→ **Prompt**
Begin at the top of the entries below and write out every line through the one containing "#12=(NAMED_UNIT(*) SI_UNIT($,.STERADIAN.) SOLID_ANGLE_UNIT());", excluding pictures.

→ **Items from a dataset**

......

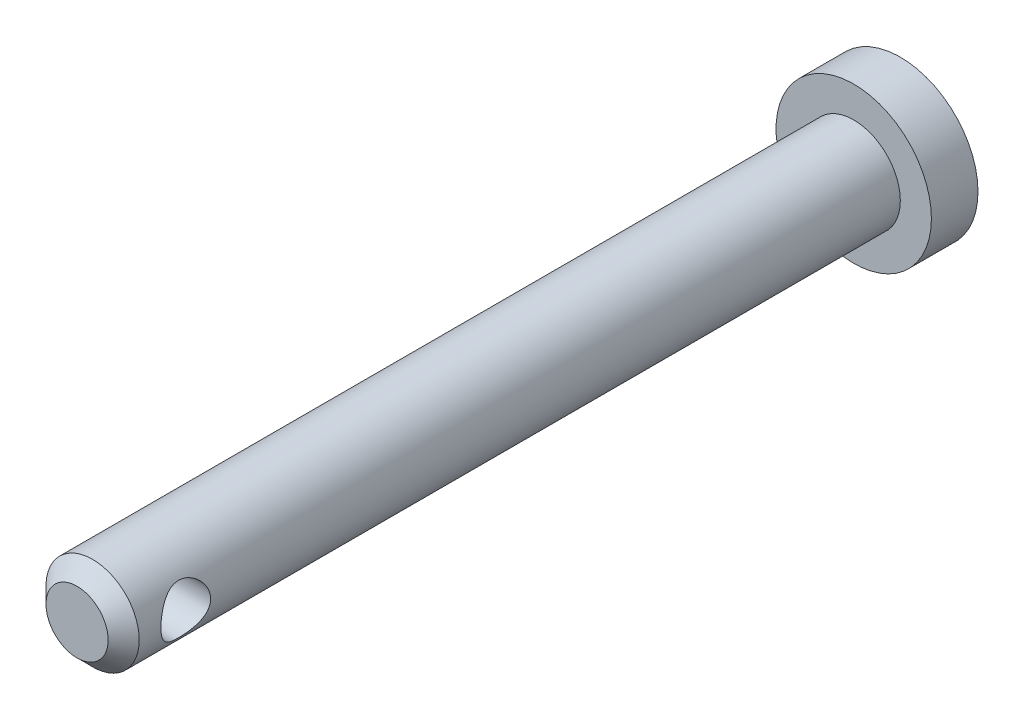
ISO-10303-21;
HEADER;
FILE_DESCRIPTION(('STEP AP214'),'2;1');
FILE_NAME('part.step','',(''),(''),'','','');
FILE_SCHEMA(('AUTOMOTIVE_DESIGN { 1 0 10303 214 1 1 1 1 }'));
ENDSEC;
DATA;
#1=APPLICATION_CONTEXT('core data for automotive mechanical design processes');
#2=APPLICATION_PROTOCOL_DEFINITION('international standard','automotive_design',2000,#1);
#3=PRODUCT_CONTEXT('',#1,'mechanical');
#4=PRODUCT('Part','Part','',(#3));
#5=PRODUCT_RELATED_PRODUCT_CATEGORY('part','',(#4));
#6=PRODUCT_DEFINITION_FORMATION('','',#4);
#7=PRODUCT_DEFINITION_CONTEXT('part definition',#1,'design');
#8=PRODUCT_DEFINITION('design','',#6,#7);
#9=PRODUCT_DEFINITION_SHAPE('','',#8);
#10=(LENGTH_UNIT() NAMED_UNIT(*) SI_UNIT(.MILLI.,.METRE.));
#11=(NAMED_UNIT(*) PLANE_ANGLE_UNIT() SI_UNIT($,.RADIAN.));
#12=(NAMED_UNIT(*) SI_UNIT($,.STERADIAN.) SOLID_ANGLE_UNIT());
#13=UNCERTAINTY_MEASURE_WITH_UNIT(LENGTH_MEASURE(1.E-05),#10,'distance_accuracy_value','');
#14=(GEOMETRIC_REPRESENTATION_CONTEXT(3) GLOBAL_UNCERTAINTY_ASSIGNED_CONTEXT((#13)) GLOBAL_UNIT_ASSIGNED_CONTEXT((#10,
#11,#12)) REPRESENTATION_CONTEXT('',''));
#15=CARTESIAN_POINT('',(0.,0.,0.));
#16=DIRECTION('',(0.,0.,1.));
#17=DIRECTION('',(1.,0.,0.));
#18=AXIS2_PLACEMENT_3D('',#15,#16,#17);
#19=CARTESIAN_POINT('',(0.,0.,1.5));
#20=DIRECTION('',(0.,0.,-1.));
#21=DIRECTION('',(-1.,0.,0.));
#22=AXIS2_PLACEMENT_3D('',#19,#20,#21);
#23=CYLINDRICAL_SURFACE('',#22,2.5);
#24=CARTESIAN_POINT('',(0.,0.,1.5));
#25=DIRECTION('',(0.,0.,1.));
#26=DIRECTION('',(1.,0.,0.));
#27=AXIS2_PLACEMENT_3D('',#24,#25,#26);
#28=CIRCLE('',#27,2.5);
#29=CARTESIAN_POINT('',(2.5,0.,1.5));
#30=VERTEX_POINT('',#29);
#31=EDGE_CURVE('E55',#30,#30,#28,.T.);
#32=ORIENTED_EDGE('',*,*,#31,.F.);
#33=EDGE_LOOP('',(#32));
#34=FACE_BOUND('',#33,.T.);
#35=CARTESIAN_POINT('',(0.,0.,0.));
#36=DIRECTION('',(0.,0.,1.));
#37=DIRECTION('',(1.,0.,0.));
#38=AXIS2_PLACEMENT_3D('',#35,#36,#37);
#39=CIRCLE('',#38,2.5);
#40=CARTESIAN_POINT('',(2.5,0.,0.));
#41=VERTEX_POINT('',#40);
#42=EDGE_CURVE('E100',#41,#41,#39,.T.);
#43=ORIENTED_EDGE('',*,*,#42,.T.);
#44=EDGE_LOOP('',(#43));
#45=FACE_BOUND('',#44,.T.);
#46=ADVANCED_FACE('F37',(#34,#45),#23,.T.);
#47=CARTESIAN_POINT('',(0.,0.,1.5));
#48=DIRECTION('',(0.,0.,1.));
#49=DIRECTION('',(1.,0.,0.));
#50=AXIS2_PLACEMENT_3D('',#47,#48,#49);
#51=PLANE('',#50);
#52=CARTESIAN_POINT('',(0.,0.,1.5));
#53=DIRECTION('',(0.,0.,1.));
#54=DIRECTION('',(1.,0.,0.));
#55=AXIS2_PLACEMENT_3D('',#52,#53,#54);
#56=CIRCLE('',#55,1.5);
#57=CARTESIAN_POINT('',(1.5,0.,1.5));
#58=VERTEX_POINT('',#57);
#59=EDGE_CURVE('E65',#58,#58,#56,.T.);
#60=ORIENTED_EDGE('',*,*,#59,.F.);
#61=EDGE_LOOP('',(#60));
#62=FACE_BOUND('',#61,.T.);
#63=ORIENTED_EDGE('',*,*,#31,.T.);
#64=EDGE_LOOP('',(#63));
#65=FACE_BOUND('',#64,.T.);
#66=ADVANCED_FACE('F85',(#62,#65),#51,.T.);
#67=CARTESIAN_POINT('',(0.,0.,0.));
#68=DIRECTION('',(0.,0.,1.));
#69=DIRECTION('',(1.,0.,0.));
#70=AXIS2_PLACEMENT_3D('',#67,#68,#69);
#71=PLANE('',#70);
#72=ORIENTED_EDGE('',*,*,#42,.F.);
#73=EDGE_LOOP('',(#72));
#74=FACE_BOUND('',#73,.T.);
#75=ADVANCED_FACE('F83',(#74),#71,.F.);
#76=CARTESIAN_POINT('',(0.,0.,26.5));
#77=DIRECTION('',(0.,0.,-1.));
#78=DIRECTION('',(-1.,0.,0.));
#79=AXIS2_PLACEMENT_3D('',#76,#77,#78);
#80=CYLINDRICAL_SURFACE('',#79,1.5);
#81=CARTESIAN_POINT('',(0.,0.,26.));
#82=DIRECTION('',(0.,0.,1.));
#83=DIRECTION('',(1.,0.,0.));
#84=AXIS2_PLACEMENT_3D('',#81,#82,#83);
#85=CIRCLE('',#84,1.5);
#86=CARTESIAN_POINT('',(1.5,0.,26.));
#87=VERTEX_POINT('',#86);
#88=EDGE_CURVE('E10',#87,#87,#85,.F.);
#89=ORIENTED_EDGE('',*,*,#88,.T.);
#90=EDGE_LOOP('',(#89));
#91=FACE_BOUND('',#90,.T.);
#92=CARTESIAN_POINT('',(-1.5,0.,25.3));
#93=CARTESIAN_POINT('',(-1.49999758414449,-0.041714004293709,25.2999972917102));
#94=CARTESIAN_POINT('',(-1.49824189360224,-0.0834672912539168,25.2967184035876));
#95=CARTESIAN_POINT('',(-1.49139129667971,-0.165718197334508,25.283758299134));
#96=CARTESIAN_POINT('',(-1.48629121869364,-0.206213769841147,25.2740671669965));
#97=CARTESIAN_POINT('',(-1.47328036800654,-0.28463859494581,25.2487801601417));
#98=CARTESIAN_POINT('',(-1.46538097991501,-0.322577512237571,25.2332081858101));
#99=CARTESIAN_POINT('',(-1.4474774987237,-0.395235474229211,25.196737448288));
#100=CARTESIAN_POINT('',(-1.43747339607276,-0.429954504316262,25.1758386609244));
#101=CARTESIAN_POINT('',(-1.41547900666031,-0.497767319459638,25.1277484382682));
#102=CARTESIAN_POINT('',(-1.4034011481073,-0.530602027463184,25.1002323964803));
#103=CARTESIAN_POINT('',(-1.37887042167267,-0.591434030661652,25.0403968543133));
#104=CARTESIAN_POINT('',(-1.36641723648963,-0.619427089896365,25.0080731932663));
#105=CARTESIAN_POINT('',(-1.34122140682262,-0.672354419511097,24.9360219415222));
#106=CARTESIAN_POINT('',(-1.32855595701366,-0.696776837026742,24.895887951337));
#107=CARTESIAN_POINT('',(-1.30586838669548,-0.738426416316993,24.8113543186488));
#108=CARTESIAN_POINT('',(-1.29584422578236,-0.755659138193529,24.7669580051933));
#109=CARTESIAN_POINT('',(-1.28057394848523,-0.781243551670881,24.6779457306387));
#110=CARTESIAN_POINT('',(-1.27506829565278,-0.79008311742479,24.6335170279096));
#111=CARTESIAN_POINT('',(-1.26881331156942,-0.800094972405447,24.5434961280342));
#112=CARTESIAN_POINT('',(-1.26805797215382,-0.801276946959552,24.4979054738658));
#113=CARTESIAN_POINT('',(-1.27118648805135,-0.796296021649251,24.4137781343534));
#114=CARTESIAN_POINT('',(-1.27443251356391,-0.791143222976704,24.3751515533778));
#115=CARTESIAN_POINT('',(-1.28406317281932,-0.775413455073682,24.299425376058));
#116=CARTESIAN_POINT('',(-1.29044906914779,-0.764834303757536,24.2623264004943));
#117=CARTESIAN_POINT('',(-1.30576277857079,-0.738390252390662,24.1896619734264));
#118=CARTESIAN_POINT('',(-1.31474447400447,-0.722411944930874,24.154149696915));
#119=CARTESIAN_POINT('',(-1.3342504708289,-0.685716522966987,24.0861304736426));
#120=CARTESIAN_POINT('',(-1.34477545505385,-0.66499730854369,24.053624867631));
#121=CARTESIAN_POINT('',(-1.36804524940245,-0.615868522436842,23.9875141387867));
#122=CARTESIAN_POINT('',(-1.38088899493241,-0.586776291159891,23.9544492647533));
#123=CARTESIAN_POINT('',(-1.40611558623123,-0.523451373374352,23.8934246423101));
#124=CARTESIAN_POINT('',(-1.41849814710228,-0.489215573049461,23.8654680092069));
#125=CARTESIAN_POINT('',(-1.44230010999534,-0.414022077031179,23.8138622850858));
#126=CARTESIAN_POINT('',(-1.45361823088172,-0.37278548441079,23.7905688918061));
#127=CARTESIAN_POINT('',(-1.47310395304255,-0.286226859736143,23.7514521168231));
#128=CARTESIAN_POINT('',(-1.48127436501701,-0.240908517249556,23.7356220679969));
#129=CARTESIAN_POINT('',(-1.4929099561423,-0.151832213955904,23.7133223875927));
#130=CARTESIAN_POINT('',(-1.49673204992477,-0.10830013138203,23.70613929869));
#131=CARTESIAN_POINT('',(-1.50050221027202,-0.0204895975412021,23.6990524967996));
#132=CARTESIAN_POINT('',(-1.50045251716091,0.0237884072844018,23.6991445741977));
#133=CARTESIAN_POINT('',(-1.49667382258832,0.107545959760609,23.7062499288307));
#134=CARTESIAN_POINT('',(-1.49327897244287,0.147096449267733,23.7126346407483));
#135=CARTESIAN_POINT('',(-1.48362188327846,0.224469554831583,23.7311074420979));
#136=CARTESIAN_POINT('',(-1.47735934596487,0.262291990687247,23.7431961248567));
#137=CARTESIAN_POINT('',(-1.46232570811689,0.336250167522202,23.7729749424682));
#138=CARTESIAN_POINT('',(-1.4534959496239,0.372320333376869,23.7907972349183));
#139=CARTESIAN_POINT('',(-1.43413438081761,0.441062157410962,23.8313751543016));
#140=CARTESIAN_POINT('',(-1.42360190671964,0.473732482002725,23.8541327063769));
#141=CARTESIAN_POINT('',(-1.40047645695353,0.538489644606411,23.9067448011077));
#142=CARTESIAN_POINT('',(-1.38778372966929,0.570134865108252,23.9370996673289));
#143=CARTESIAN_POINT('',(-1.36252708549313,0.628109862741503,24.0026128359152));
#144=CARTESIAN_POINT('',(-1.34996329805962,0.654434715474712,24.037775538292));
#145=CARTESIAN_POINT('',(-1.32549514327965,0.70274076630891,24.114826486175));
#146=CARTESIAN_POINT('',(-1.31369210729127,0.724310244689174,24.1570081387794));
#147=CARTESIAN_POINT('',(-1.29347935062968,0.759824848176573,24.2452100900862));
#148=CARTESIAN_POINT('',(-1.28506480237657,0.773780830369481,24.2912248141218));
#149=CARTESIAN_POINT('',(-1.27372513461019,0.792295451806951,24.3810138470975));
#150=CARTESIAN_POINT('',(-1.27034308682665,0.797640611545243,24.4245661837155));
#151=CARTESIAN_POINT('',(-1.26816359887642,0.801103834511683,24.5120603141804));
#152=CARTESIAN_POINT('',(-1.26936303319563,0.799226824740039,24.5560018221226));
#153=CARTESIAN_POINT('',(-1.27570247677833,0.789056350744178,24.6373463548581));
#154=CARTESIAN_POINT('',(-1.28034575552508,0.781570591370404,24.6748948907275));
#155=CARTESIAN_POINT('',(-1.29238691721072,0.761493436479322,24.7481339575411));
#156=CARTESIAN_POINT('',(-1.29978582163339,0.748900147495983,24.7838237938842));
#157=CARTESIAN_POINT('',(-1.3170766557443,0.718080352112419,24.8549047795466));
#158=CARTESIAN_POINT('',(-1.32709848411839,0.699543207429633,24.8901285674158));
#159=CARTESIAN_POINT('',(-1.34833960706443,0.657671226676286,24.9572019357598));
#160=CARTESIAN_POINT('',(-1.35955954483521,0.634333807313365,24.9890496853594));
#161=CARTESIAN_POINT('',(-1.38387269806828,0.579583602633467,25.0532730938803));
#162=CARTESIAN_POINT('',(-1.39700212075101,0.547491018352179,25.0850587404488));
#163=CARTESIAN_POINT('',(-1.42222830059072,0.478150164559821,25.1429722703881));
#164=CARTESIAN_POINT('',(-1.43432438618419,0.440898582826826,25.1690964911038));
#165=CARTESIAN_POINT('',(-1.45651015109521,0.3610220026222,25.2154339599367));
#166=CARTESIAN_POINT('',(-1.4665441059256,0.318288665753908,25.2354886264249));
#167=CARTESIAN_POINT('',(-1.48303856571174,0.229399331630396,25.2678536227339));
#168=CARTESIAN_POINT('',(-1.48950860714735,0.183252846928633,25.2801846321223));
#169=CARTESIAN_POINT('',(-1.49584776109147,0.113807677907483,25.2921926712721));
#170=CARTESIAN_POINT('',(-1.49739944315896,0.0911777471195393,25.2951148842016));
#171=CARTESIAN_POINT('',(-1.49947623062919,0.0457024774465215,25.2990193021585));
#172=CARTESIAN_POINT('',(-1.50000132376498,0.0228571359907307,25.300001484004));
#173=CARTESIAN_POINT('',(-1.5,0.,25.3));
#174=B_SPLINE_CURVE_WITH_KNOTS('',3,(#92,#93,#94,#95,#96,#97,#98,#99,#100,#101,#102,#103,#104,
#105,#106,#107,#108,#109,#110,#111,#112,#113,#114,#115,#116,#117,#118,#119,#120,#121,#122,#123,
#124,#125,#126,#127,#128,#129,#130,#131,#132,#133,#134,#135,#136,#137,#138,#139,#140,#141,#142,
#143,#144,#145,#146,#147,#148,#149,#150,#151,#152,#153,#154,#155,#156,#157,#158,#159,#160,#161,
#162,#163,#164,#165,#166,#167,#168,#169,#170,#171,#172,#173),.UNSPECIFIED.,.T.,.F.,(4,2,2,2,2,2,
2,2,2,2,2,2,2,2,2,2,2,2,2,2,2,2,2,2,2,2,2,2,2,2,2,2,2,2,2,2,2,2,2,2,4),(0.,0.125049785968992,
0.250293400579707,0.375033395431376,0.49977395636337,0.632758937517725,0.765859685119312,
0.911100210896849,1.0562282067719,1.19228300426694,1.32816568589671,1.44492819552126,
1.56173769541659,1.68117137196064,1.80065805275817,1.93770170276477,2.07482865313357,
2.22012229846781,2.36528590361979,2.49740165319181,2.62944095746674,2.74950324975935,
2.86957803367866,2.99264692026345,3.11576390008819,3.2521377258514,3.38863720347795,
3.53432584534743,3.67980618389779,3.81103787448892,3.94218005404204,4.05738088818269,
4.17262446873053,4.29529226385601,4.41802624681407,4.55851375899381,4.69909188991154,
4.84307664846753,4.98667423094966,5.05519428454421,5.12371515689633),.UNSPECIFIED.);
#175=CARTESIAN_POINT('',(-1.5,0.,25.3));
#176=VERTEX_POINT('',#175);
#177=EDGE_CURVE('E58',#176,#176,#174,.T.);
#178=ORIENTED_EDGE('',*,*,#177,.T.);
#179=EDGE_LOOP('',(#178));
#180=FACE_BOUND('',#179,.T.);
#181=CARTESIAN_POINT('',(1.5,0.,23.7));
#182=CARTESIAN_POINT('',(1.49999758414449,-0.0417140042937088,23.7000027082898));
#183=CARTESIAN_POINT('',(1.49824189360224,-0.0834672912539165,23.7032815964124));
#184=CARTESIAN_POINT('',(1.49139129667971,-0.165718197334508,23.7162417008661));
#185=CARTESIAN_POINT('',(1.48629121869364,-0.206213769841147,23.7259328330035));
#186=CARTESIAN_POINT('',(1.47328036800654,-0.28463859494581,23.7512198398583));
#187=CARTESIAN_POINT('',(1.46538097991501,-0.322577512237571,23.7667918141899));
#188=CARTESIAN_POINT('',(1.4474774987237,-0.395235474229211,23.803262551712));
#189=CARTESIAN_POINT('',(1.43747339607276,-0.429954504316262,23.8241613390756));
#190=CARTESIAN_POINT('',(1.41547900666031,-0.497767319459638,23.8722515617318));
#191=CARTESIAN_POINT('',(1.4034011481073,-0.530602027463184,23.8997676035198));
#192=CARTESIAN_POINT('',(1.37887042167267,-0.591434030661653,23.9596031456868));
#193=CARTESIAN_POINT('',(1.36641723648963,-0.619427089896365,23.9919268067337));
#194=CARTESIAN_POINT('',(1.34122140682262,-0.672354419511098,24.0639780584778));
#195=CARTESIAN_POINT('',(1.32855595701366,-0.696776837026743,24.1041120486631));
#196=CARTESIAN_POINT('',(1.30586838669548,-0.738426416316994,24.1886456813512));
#197=CARTESIAN_POINT('',(1.29584422578236,-0.755659138193529,24.2330419948068));
#198=CARTESIAN_POINT('',(1.28057394848523,-0.781243551670881,24.3220542693613));
#199=CARTESIAN_POINT('',(1.27506829565278,-0.79008311742479,24.3664829720904));
#200=CARTESIAN_POINT('',(1.26881331156942,-0.800094972405447,24.4565038719658));
#201=CARTESIAN_POINT('',(1.26805797215382,-0.801276946959552,24.5020945261342));
#202=CARTESIAN_POINT('',(1.27118648805135,-0.796296021649251,24.5862218656466));
#203=CARTESIAN_POINT('',(1.27443251356391,-0.791143222976704,24.6248484466222));
#204=CARTESIAN_POINT('',(1.28406317281932,-0.775413455073682,24.700574623942));
#205=CARTESIAN_POINT('',(1.29044906914779,-0.764834303757536,24.7376735995057));
#206=CARTESIAN_POINT('',(1.30576277857079,-0.738390252390662,24.8103380265736));
#207=CARTESIAN_POINT('',(1.31474447400447,-0.722411944930874,24.845850303085));
#208=CARTESIAN_POINT('',(1.3342504708289,-0.685716522966987,24.9138695263574));
#209=CARTESIAN_POINT('',(1.34477545505385,-0.66499730854369,24.946375132369));
#210=CARTESIAN_POINT('',(1.36804524940245,-0.615868522436842,25.0124858612133));
#211=CARTESIAN_POINT('',(1.38088899493241,-0.586776291159891,25.0455507352467));
#212=CARTESIAN_POINT('',(1.40611558623123,-0.523451373374352,25.10657535769));
#213=CARTESIAN_POINT('',(1.41849814710228,-0.489215573049461,25.1345319907931));
#214=CARTESIAN_POINT('',(1.44230010999534,-0.414022077031179,25.1861377149142));
#215=CARTESIAN_POINT('',(1.45361823088172,-0.37278548441079,25.2094311081939));
#216=CARTESIAN_POINT('',(1.47310395304255,-0.286226859736143,25.2485478831769));
#217=CARTESIAN_POINT('',(1.48127436501701,-0.240908517249557,25.2643779320031));
#218=CARTESIAN_POINT('',(1.4929099561423,-0.151832213955904,25.2866776124073));
#219=CARTESIAN_POINT('',(1.49673204992477,-0.10830013138203,25.29386070131));
#220=CARTESIAN_POINT('',(1.50050221027202,-0.0204895975412028,25.3009475032004));
#221=CARTESIAN_POINT('',(1.50045251716091,0.0237884072844011,25.3008554258023));
#222=CARTESIAN_POINT('',(1.49667382258832,0.107545959760608,25.2937500711693));
#223=CARTESIAN_POINT('',(1.49327897244287,0.147096449267731,25.2873653592517));
#224=CARTESIAN_POINT('',(1.48362188327846,0.224469554831582,25.2688925579021));
#225=CARTESIAN_POINT('',(1.47735934596487,0.262291990687247,25.2568038751433));
#226=CARTESIAN_POINT('',(1.46232570811689,0.336250167522202,25.2270250575318));
#227=CARTESIAN_POINT('',(1.4534959496239,0.372320333376869,25.2092027650817));
#228=CARTESIAN_POINT('',(1.43413438081761,0.441062157410961,25.1686248456984));
#229=CARTESIAN_POINT('',(1.42360190671964,0.473732482002724,25.1458672936231));
#230=CARTESIAN_POINT('',(1.40047645695353,0.538489644606411,25.0932551988923));
#231=CARTESIAN_POINT('',(1.38778372966929,0.570134865108252,25.0629003326711));
#232=CARTESIAN_POINT('',(1.36252708549313,0.628109862741503,24.9973871640848));
#233=CARTESIAN_POINT('',(1.34996329805962,0.654434715474711,24.962224461708));
#234=CARTESIAN_POINT('',(1.32549514327965,0.70274076630891,24.885173513825));
#235=CARTESIAN_POINT('',(1.31369210729127,0.724310244689175,24.8429918612206));
#236=CARTESIAN_POINT('',(1.29347935062968,0.759824848176572,24.7547899099138));
#237=CARTESIAN_POINT('',(1.28506480237657,0.77378083036948,24.7087751858783));
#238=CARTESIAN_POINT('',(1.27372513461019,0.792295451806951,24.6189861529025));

......

→ **Task answer**
ISO-10303-21;
HEADER;
FILE_DESCRIPTION(('STEP AP214'),'2;1');
FILE_NAME('part.step','',(''),(''),'','','');
FILE_SCHEMA(('AUTOMOTIVE_DESIGN { 1 0 10303 214 1 1 1 1 }'));
ENDSEC;
DATA;
#1=APPLICATION_CONTEXT('core data for automotive mechanical design processes');
#2=APPLICATION_PROTOCOL_DEFINITION('international standard','automotive_design',2000,#1);
#3=PRODUCT_CONTEXT('',#1,'mechanical');
#4=PRODUCT('Part','Part','',(#3));
#5=PRODUCT_RELATED_PRODUCT_CATEGORY('part','',(#4));
#6=PRODUCT_DEFINITION_FORMATION('','',#4);
#7=PRODUCT_DEFINITION_CONTEXT('part definition',#1,'design');
#8=PRODUCT_DEFINITION('design','',#6,#7);
#9=PRODUCT_DEFINITION_SHAPE('','',#8);
#10=(LENGTH_UNIT() NAMED_UNIT(*) SI_UNIT(.MILLI.,.METRE.));
#11=(NAMED_UNIT(*) PLANE_ANGLE_UNIT() SI_UNIT($,.RADIAN.));
#12=(NAMED_UNIT(*) SI_UNIT($,.STERADIAN.) SOLID_ANGLE_UNIT());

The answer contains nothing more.